Similarly, Ohio State players and fans wondered why the Buckeyes could not play — while Pop Warner, high school, the University of Cincinnati, the Browns and the Bengals could.

Big Ten Commissioner Kevin Warren might have believed he was setting the national tone when he announced Aug. 11 that the conference was postponing football. But his arguments during an interview with the Big Ten Network's Dave Revsine were unconvincing, and only the Pac-12 accompanied him among the Power Five.

The ACC and SEC played on, though more than a dozen games have been canceled or postponed due to the COVID-19 pandemic.

Now Big Ten teams get to do the same.

But they'll do it with many of the league's top players — unless those stars have not signed with an agent and wish to stay eligible.

The most prominent announced opt-outs: Minnesota receiver Rashod Bateman, Penn State linebacker Micah Parsons, Purdue receiver/returner Rondale Moore, Northwestern offensive tackle Rashawn Slater, Illinois running back Ra'Von Bonner, Maryland quarterback Josh Jackson, Michigan State defensive end Jacub Panasiuk, Michigan tackle Jalen Mayfield and Ohio State cornerback Shaun Wade, whose father, Randy, organized a "peaceful show of force" outside Big Ten headquarters Aug. 18.

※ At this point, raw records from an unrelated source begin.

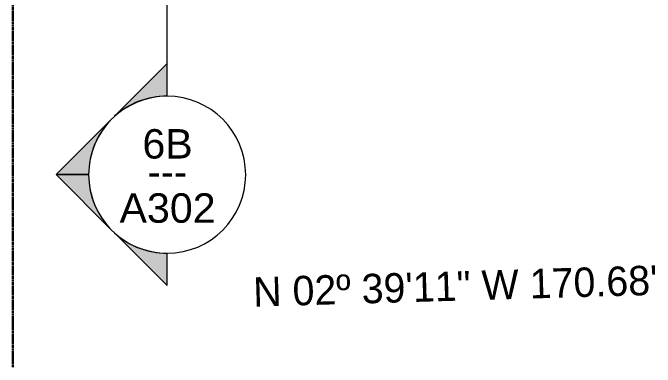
# Model space of a CAD drawing. Header units: inches. Extents: x -4226 to -935, y 9756 to 12395.
# Drawn here: x -3154.3 to -2958, y 9772.6 to 9881 of the extents above; entities that cross this region are included whole.
import ezdxf

# ---------------------------------------------------------------- set-up
doc = ezdxf.new("R2010")
doc.units = ezdxf.units.IN
doc.header["$MEASUREMENT"] = 0
doc.linetypes.add('Grid Line 1_2_', pattern=[0.875, 0.5, -0.125, 0.125, -0.125])
for name, color, linetype, lineweight in [('0-1', 7, 'Continuous', 5), ('G-ANNO-SYMB', 111, 'Continuous', 9), ('G-ANNO-TEXT-2', 147, 'Continuous', 20), ('S-GRID-1', 1, 'Grid Line 1_2_', 30)]:
    doc.layers.add(name, color=color, linetype=linetype, lineweight=lineweight)
doc.styles.add('Arial', font='arial.ttf', dxfattribs={"height": 9})
doc.styles.add('Century Gothic_1', font='ufonts.com_century-gothic.ttf', dxfattribs={"height": 9})

# ---------------------------------------------------------------- blocks, each defined once
blk = doc.blocks.new('CTR - 1st Phase - Structure_rvt-1-FLOOR PLAN - ROOF')
at = {"layer": 'S-GRID-1'}
blk.add_line((-3154.32, 9772.61), (-3154.32, 12247.5), dxfattribs=at)
blk = doc.blocks.new('Section - Section Head - Filled-22785-FLOOR PLAN - ROOF')
at = {"layer": 'G-ANNO-SYMB'}
h = blk.add_hatch(color=256, dxfattribs=at)
edge = h.paths.add_edge_path(flags=0)
edge.add_line((-0.4268, 0.1768), (-0.25, 0.3536))
edge.add_line((-0.25, 0.3536), (-0.25, 0.25))
edge.add_arc((-0.25, 0), 0.25, 90, 135)
h = blk.add_hatch(color=256, dxfattribs=at)
edge = h.paths.add_edge_path(flags=0)
edge.add_arc((-0.25, 0), 0.25, 45, 90)
edge.add_line((-0.25, 0.25), (-0.25, 0.3536))
edge.add_line((-0.25, 0.3536), (-0.0732, 0.1768))
h = blk.add_hatch(color=256, dxfattribs=at)
edge = h.paths.add_edge_path(flags=0)
edge.add_arc((-0.25, 0), 0.2503, 137.9216, 180)
edge.add_line((-0.5003, 0), (-0.6036, 0))
edge.add_line((-0.6036, 0), (-0.4358, 0.1678))
h = blk.add_hatch(color=256, dxfattribs=at)
edge = h.paths.add_edge_path(flags=0)
edge.add_line((-0.0642, 0.1678), (0.1036, 0))
edge.add_line((0.1036, 0), (0.0003, 0))
edge.add_arc((-0.25, 0), 0.2503, 0, 42.0784)
for p, q in [((-0.25, 0.3536), (-0.4268, 0.1768)), ((-0.25, 0.25), (-0.25, 0.3536)), ((-0.0732, 0.1768), (-0.25, 0.3536)), ((-0.25, 0.3536), (-0.25, 0.25)), ((-0.4358, 0.1678), (-0.6036, 0)), ((0.1036, 0), (-0.0642, 0.1678)), ((-0.6036, 0), (-0.5003, 0)), ((0.0003, 0), (0.1036, 0))]:
    blk.add_line(p, q, dxfattribs=at)
for centre, radius, start, end in [((-0.2503, 0), 0.25, 360, 180), ((-0.25, 0), 0.25, 90, 135), ((-0.25, 0), 0.25, 45, 90), ((-0.25, 0), 0.2503, 137.9216, 180), ((-0.25, 0), 0.2503, 0, 42.0784), ((-0.2503, 0), 0.25, 180, 360)]:
    blk.add_arc(centre, radius, start, end, dxfattribs=at)

msp = doc.modelspace()

# ---------------------------------------------------------------- linework, layer by layer
at = {"layer": 'G-ANNO-SYMB'}
msp.add_line((-3107.15, 9855.49), (-3107.15, 12336.7), dxfattribs=at)

# ---------------------------------------------------------------- block references
at = {"layer": '0-1'}
msp.add_blockref('CTR - 1st Phase - Structure_rvt-1-FLOOR PLAN - ROOF', (0, 0), dxfattribs=at)
at = {"layer": 'G-ANNO-SYMB', "xscale": 95.99999999999994, "yscale": 95.99999999999994, "zscale": 95.99999999999994, "rotation": 90}
msp.add_blockref('Section - Section Head - Filled-22785-FLOOR PLAN - ROOF', (-3107.15, 9855.49), dxfattribs=at)

# ---------------------------------------------------------------- texts
at = {"layer": 'G-ANNO-SYMB', "char_height": 9, "attachment_point": 1}
for s, insert, width, style in [('6B', (-3114.72, 9845.4), 18.786, 'Arial'), ('---', (-3113.12, 9836.9), 15.453, 'Century Gothic_1'), ('A302', (-3121.71, 9825.77), 35.754, 'Arial')]:
    msp.add_mtext(s, dxfattribs=dict(at, insert=insert, width=width, style=style))
at = {"layer": 'G-ANNO-TEXT-2', "insert": (-3081, 9800.08), "char_height": 9, "width": 157.56, "attachment_point": 1, "rotation": 1.7, "style": 'Century Gothic_1'}
msp.add_mtext('N 02º 39\'11" W 170.68\'', dxfattribs=at)

doc.saveas('drawing.dxf')

Another issue is that some campuses are closed because of COVID spikes. Wisconsin last week announced a two-week shutdown of football workouts, and Michigan State has asked its students to self-quarantine. Maryland athletes are working out again after a pause since Sept. 3.

The games will be played on campus, according to Yahoo Sports, and only family members will be allowed to attend games at the outset.